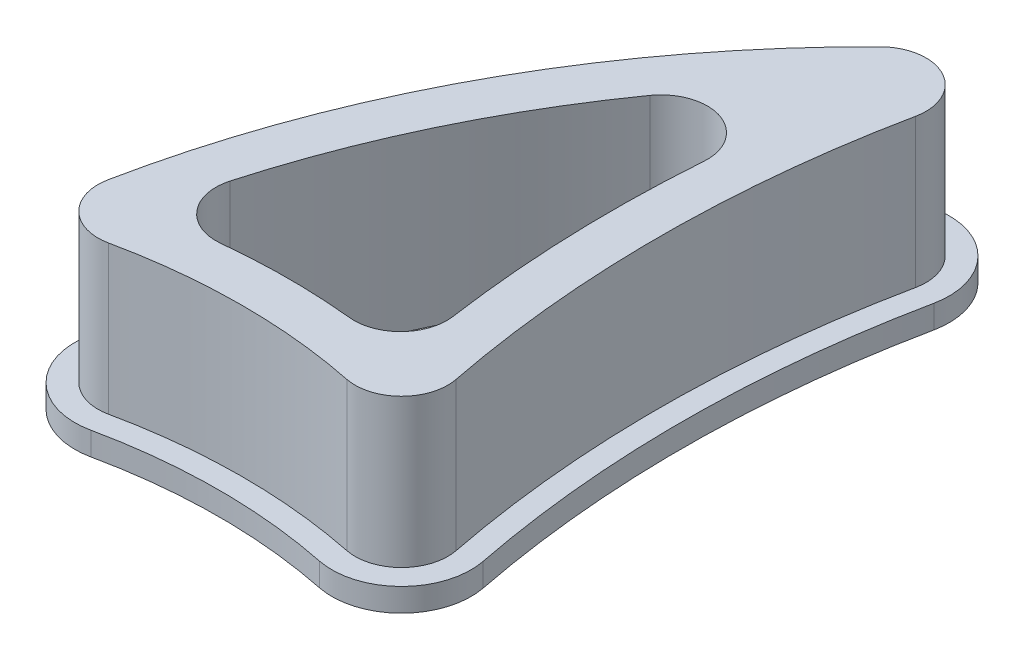
ISO-10303-21;
HEADER;
FILE_DESCRIPTION(('STEP AP214'),'2;1');
FILE_NAME('part.step','',(''),(''),'','','');
FILE_SCHEMA(('AUTOMOTIVE_DESIGN { 1 0 10303 214 1 1 1 1 }'));
ENDSEC;
DATA;
#1=APPLICATION_CONTEXT('core data for automotive mechanical design processes');
#2=APPLICATION_PROTOCOL_DEFINITION('international standard','automotive_design',2000,#1);
#3=PRODUCT_CONTEXT('',#1,'mechanical');
#4=PRODUCT('Part','Part','',(#3));
#5=PRODUCT_RELATED_PRODUCT_CATEGORY('part','',(#4));
#6=PRODUCT_DEFINITION_FORMATION('','',#4);
#7=PRODUCT_DEFINITION_CONTEXT('part definition',#1,'design');
#8=PRODUCT_DEFINITION('design','',#6,#7);
#9=PRODUCT_DEFINITION_SHAPE('','',#8);
#10=(LENGTH_UNIT() NAMED_UNIT(*) SI_UNIT(.MILLI.,.METRE.));
#11=(NAMED_UNIT(*) PLANE_ANGLE_UNIT() SI_UNIT($,.RADIAN.));
#12=(NAMED_UNIT(*) SI_UNIT($,.STERADIAN.) SOLID_ANGLE_UNIT());
#13=UNCERTAINTY_MEASURE_WITH_UNIT(LENGTH_MEASURE(1.E-05),#10,'distance_accuracy_value','');
#14=(GEOMETRIC_REPRESENTATION_CONTEXT(3) GLOBAL_UNCERTAINTY_ASSIGNED_CONTEXT((#13)) GLOBAL_UNIT_ASSIGNED_CONTEXT((#10,
#11,#12)) REPRESENTATION_CONTEXT('',''));
#15=CARTESIAN_POINT('',(0.,0.,0.));
#16=DIRECTION('',(0.,0.,1.));
#17=DIRECTION('',(1.,0.,0.));
#18=AXIS2_PLACEMENT_3D('',#15,#16,#17);
#19=CARTESIAN_POINT('',(-0.78145016287734,6.4,32.5967264977972));
#20=DIRECTION('',(0.,1.,0.));
#21=DIRECTION('',(0.,0.,1.));
#22=AXIS2_PLACEMENT_3D('',#19,#20,#21);
#23=PLANE('',#22);
#24=CARTESIAN_POINT('',(-3.60090629638444,6.4,19.3944287011548));
#25=DIRECTION('',(0.,1.,0.));
#26=DIRECTION('',(0.,0.,1.));
#27=AXIS2_PLACEMENT_3D('',#24,#25,#26);
#28=CIRCLE('',#27,2.);
#29=CARTESIAN_POINT('',(-5.56165783998686,6.4,19.0001529293139));
#30=VERTEX_POINT('',#29);
#31=CARTESIAN_POINT('',(-3.18320909142043,6.4,21.3503246710278));
#32=VERTEX_POINT('',#31);
#33=EDGE_CURVE('E156',#30,#32,#28,.T.);
#34=ORIENTED_EDGE('',*,*,#33,.T.);
#35=CARTESIAN_POINT('',(2.03800597062976,6.4,45.7990242944396));
#36=DIRECTION('',(0.,-1.,0.));
#37=DIRECTION('',(0.,0.,-1.));
#38=AXIS2_PLACEMENT_3D('',#35,#36,#37);
#39=CIRCLE('',#38,25.);
#40=CARTESIAN_POINT('',(7.04555103638997,6.4,21.3056682072396));
#41=VERTEX_POINT('',#40);
#42=EDGE_CURVE('E171',#32,#41,#39,.T.);
#43=ORIENTED_EDGE('',*,*,#42,.T.);
#44=CARTESIAN_POINT('',(7.44615464165079,6.4,19.3461997202636));
#45=DIRECTION('',(0.,1.,0.));
#46=DIRECTION('',(0.,0.,1.));
#47=AXIS2_PLACEMENT_3D('',#44,#45,#46);
#48=CIRCLE('',#47,2.);
#49=CARTESIAN_POINT('',(9.40832290349756,6.4,18.9590360440216));
#50=VERTEX_POINT('',#49);
#51=EDGE_CURVE('E110',#41,#50,#48,.T.);
#52=ORIENTED_EDGE('',*,*,#51,.T.);
#53=CARTESIAN_POINT('',(58.462529449667,6.4,9.27994413797231));
#54=DIRECTION('',(0.,-1.,0.));
#55=DIRECTION('',(0.,0.,-1.));
#56=AXIS2_PLACEMENT_3D('',#53,#54,#55);
#57=CIRCLE('',#56,50.);
#58=CARTESIAN_POINT('',(9.48913395704913,6.4,-0.800062505063111));
#59=VERTEX_POINT('',#58);
#60=EDGE_CURVE('E103',#50,#59,#57,.T.);
#61=ORIENTED_EDGE('',*,*,#60,.T.);
#62=CARTESIAN_POINT('',(7.53019813734441,6.4,-1.20326277078453));
#63=DIRECTION('',(0.,1.,0.));
#64=DIRECTION('',(0.,0.,-1.));
#65=AXIS2_PLACEMENT_3D('',#62,#63,#64);
#66=CIRCLE('',#65,2.);
#67=CARTESIAN_POINT('',(6.12600181542844,6.4,-2.62742311622238));
#68=VERTEX_POINT('',#67);
#69=EDGE_CURVE('E107',#59,#68,#66,.T.);
#70=ORIENTED_EDGE('',*,*,#69,.T.);
#71=CARTESIAN_POINT('',(35.614124575664,6.4,27.2799441379723));
#72=DIRECTION('',(0.,1.,0.));
#73=DIRECTION('',(0.,0.,1.));
#74=AXIS2_PLACEMENT_3D('',#71,#72,#73);
#75=CIRCLE('',#74,42.);
#76=EDGE_CURVE('E68',#68,#30,#75,.T.);
#77=ORIENTED_EDGE('',*,*,#76,.T.);
#78=EDGE_LOOP('',(#34,#43,#52,#61,#70,#77));
#79=FACE_BOUND('',#78,.T.);
#80=CARTESIAN_POINT('',(2.03800597062976,6.4,45.7990242944396));
#81=DIRECTION('',(0.,-1.,0.));
#82=DIRECTION('',(0.,0.,-1.));
#83=AXIS2_PLACEMENT_3D('',#80,#81,#82);
#84=CIRCLE('',#83,27.);
#85=CARTESIAN_POINT('',(-0.749525833280617,6.4,18.9433048581224));
#86=VERTEX_POINT('',#85);
#87=CARTESIAN_POINT('',(4.80529101021336,6.4,18.9412110269806));
#88=VERTEX_POINT('',#87);
#89=EDGE_CURVE('E214',#86,#88,#84,.T.);
#90=ORIENTED_EDGE('',*,*,#89,.F.);
#91=CARTESIAN_POINT('',(-0.956009670607316,6.4,16.9539923072841));
#92=DIRECTION('',(0.,1.,0.));
#93=DIRECTION('',(0.,0.,1.));
#94=AXIS2_PLACEMENT_3D('',#91,#92,#93);
#95=CIRCLE('',#94,2.);
#96=CARTESIAN_POINT('',(-2.8807535783058,6.4,16.4105211583005));
#97=VERTEX_POINT('',#96);
#98=EDGE_CURVE('E422',#97,#86,#95,.T.);
#99=ORIENTED_EDGE('',*,*,#98,.F.);
#100=CARTESIAN_POINT('',(35.614124575664,6.4,27.2799441379723));
#101=DIRECTION('',(0.,1.,0.));
#102=DIRECTION('',(0.,0.,1.));
#103=AXIS2_PLACEMENT_3D('',#100,#101,#102);
#104=CIRCLE('',#103,40.);
#105=CARTESIAN_POINT('',(2.97675623712936,6.4,4.15415360154271));
#106=VERTEX_POINT('',#105);
#107=EDGE_CURVE('E90',#106,#97,#104,.T.);
#108=ORIENTED_EDGE('',*,*,#107,.F.);
#109=CARTESIAN_POINT('',(4.6086246540561,6.4,5.3104431283642));
#110=DIRECTION('',(0.,1.,0.));
#111=DIRECTION('',(0.,0.,1.));
#112=AXIS2_PLACEMENT_3D('',#109,#110,#111);
#113=CIRCLE('',#112,2.);
#114=CARTESIAN_POINT('',(6.60321372056021,6.4,5.45746168427561));
#115=VERTEX_POINT('',#114);
#116=EDGE_CURVE('E227',#115,#106,#113,.T.);
#117=ORIENTED_EDGE('',*,*,#116,.F.);
#118=CARTESIAN_POINT('',(58.462529449667,6.4,9.27994413797231));
#119=DIRECTION('',(0.,-1.,0.));
#120=DIRECTION('',(0.,0.,-1.));
#121=AXIS2_PLACEMENT_3D('',#118,#119,#120);
#122=CIRCLE('',#121,52.);
#123=CARTESIAN_POINT('',(6.98998821175464,6.4,16.6676026649627));
#124=VERTEX_POINT('',#123);
#125=EDGE_CURVE('E213',#124,#115,#122,.T.);
#126=ORIENTED_EDGE('',*,*,#125,.F.);
#127=CARTESIAN_POINT('',(5.01027508721956,6.4,16.9517433775392));
#128=DIRECTION('',(0.,1.,0.));
#129=DIRECTION('',(0.,0.,1.));
#130=AXIS2_PLACEMENT_3D('',#127,#128,#129);
#131=CIRCLE('',#130,2.);
#132=EDGE_CURVE('E201',#88,#124,#131,.T.);
#133=ORIENTED_EDGE('',*,*,#132,.F.);
#134=EDGE_LOOP('',(#90,#99,#108,#117,#126,#133));
#135=FACE_BOUND('',#134,.T.);
#136=ADVANCED_FACE('F43',(#79,#135),#23,.T.);
#137=CARTESIAN_POINT('',(-3.60090629638444,6.4,19.3944287011548));
#138=DIRECTION('',(0.,-1.,0.));
#139=DIRECTION('',(0.,0.,-1.));
#140=AXIS2_PLACEMENT_3D('',#137,#138,#139);
#141=CYLINDRICAL_SURFACE('',#140,2.);
#142=CARTESIAN_POINT('',(-3.60090629638444,0.,19.3944287011548));
#143=DIRECTION('',(0.,1.,0.));
#144=DIRECTION('',(0.,0.,1.));
#145=AXIS2_PLACEMENT_3D('',#142,#143,#144);
#146=CIRCLE('',#145,2.);
#147=CARTESIAN_POINT('',(-5.56165783998686,0.,19.0001529293139));
#148=VERTEX_POINT('',#147);
#149=CARTESIAN_POINT('',(-3.18320909142043,0.,21.3503246710278));
#150=VERTEX_POINT('',#149);
#151=EDGE_CURVE('E137',#148,#150,#146,.T.);
#152=ORIENTED_EDGE('',*,*,#151,.T.);
#153=DIRECTION('',(0.,-1.,0.));
#154=VECTOR('',#153,1.);
#155=CARTESIAN_POINT('',(-3.18320909142043,6.4,21.3503246710278));
#156=LINE('',#155,#154);
#157=EDGE_CURVE('E11',#32,#150,#156,.T.);
#158=ORIENTED_EDGE('',*,*,#157,.F.);
#159=ORIENTED_EDGE('',*,*,#33,.F.);
#160=DIRECTION('',(0.,-1.,0.));
#161=VECTOR('',#160,1.);
#162=CARTESIAN_POINT('',(-5.56165783998686,6.4,19.0001529293139));
#163=LINE('',#162,#161);
#164=EDGE_CURVE('E133',#30,#148,#163,.T.);
#165=ORIENTED_EDGE('',*,*,#164,.T.);
#166=EDGE_LOOP('',(#152,#158,#159,#165));
#167=FACE_BOUND('',#166,.T.);
#168=ADVANCED_FACE('F45',(#167),#141,.T.);
#169=CARTESIAN_POINT('',(2.03800597062976,6.4,45.7990242944396));
#170=DIRECTION('',(0.,-1.,0.));
#171=DIRECTION('',(0.,0.,-1.));
#172=AXIS2_PLACEMENT_3D('',#169,#170,#171);
#173=CYLINDRICAL_SURFACE('',#172,25.);
#174=CARTESIAN_POINT('',(2.03800597062976,0.,45.7990242944396));
#175=DIRECTION('',(0.,-1.,0.));
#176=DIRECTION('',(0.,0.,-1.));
● ● ● ● ●
▸ **Problem statement**
Retype, without any change, every line from the one with "#160=DIRECTION('',(0.,-1.,0.));" to the bottom of the listing.

▸ **Task solution**
#160=DIRECTION('',(0.,-1.,0.));
#161=VECTOR('',#160,1.);
#162=CARTESIAN_POINT('',(-5.56165783998686,6.4,19.0001529293139));
#163=LINE('',#162,#161);
#164=EDGE_CURVE('E133',#30,#148,#163,.T.);
#165=ORIENTED_EDGE('',*,*,#164,.T.);
#166=EDGE_LOOP('',(#152,#158,#159,#165));
#167=FACE_BOUND('',#166,.T.);
#168=ADVANCED_FACE('F45',(#167),#141,.T.);
#169=CARTESIAN_POINT('',(2.03800597062976,6.4,45.7990242944396));
#170=DIRECTION('',(0.,-1.,0.));
#171=DIRECTION('',(0.,0.,-1.));
#172=AXIS2_PLACEMENT_3D('',#169,#170,#171);
#173=CYLINDRICAL_SURFACE('',#172,25.);
#174=CARTESIAN_POINT('',(2.03800597062976,0.,45.7990242944396));
#175=DIRECTION('',(0.,-1.,0.));
#176=DIRECTION('',(0.,0.,-1.));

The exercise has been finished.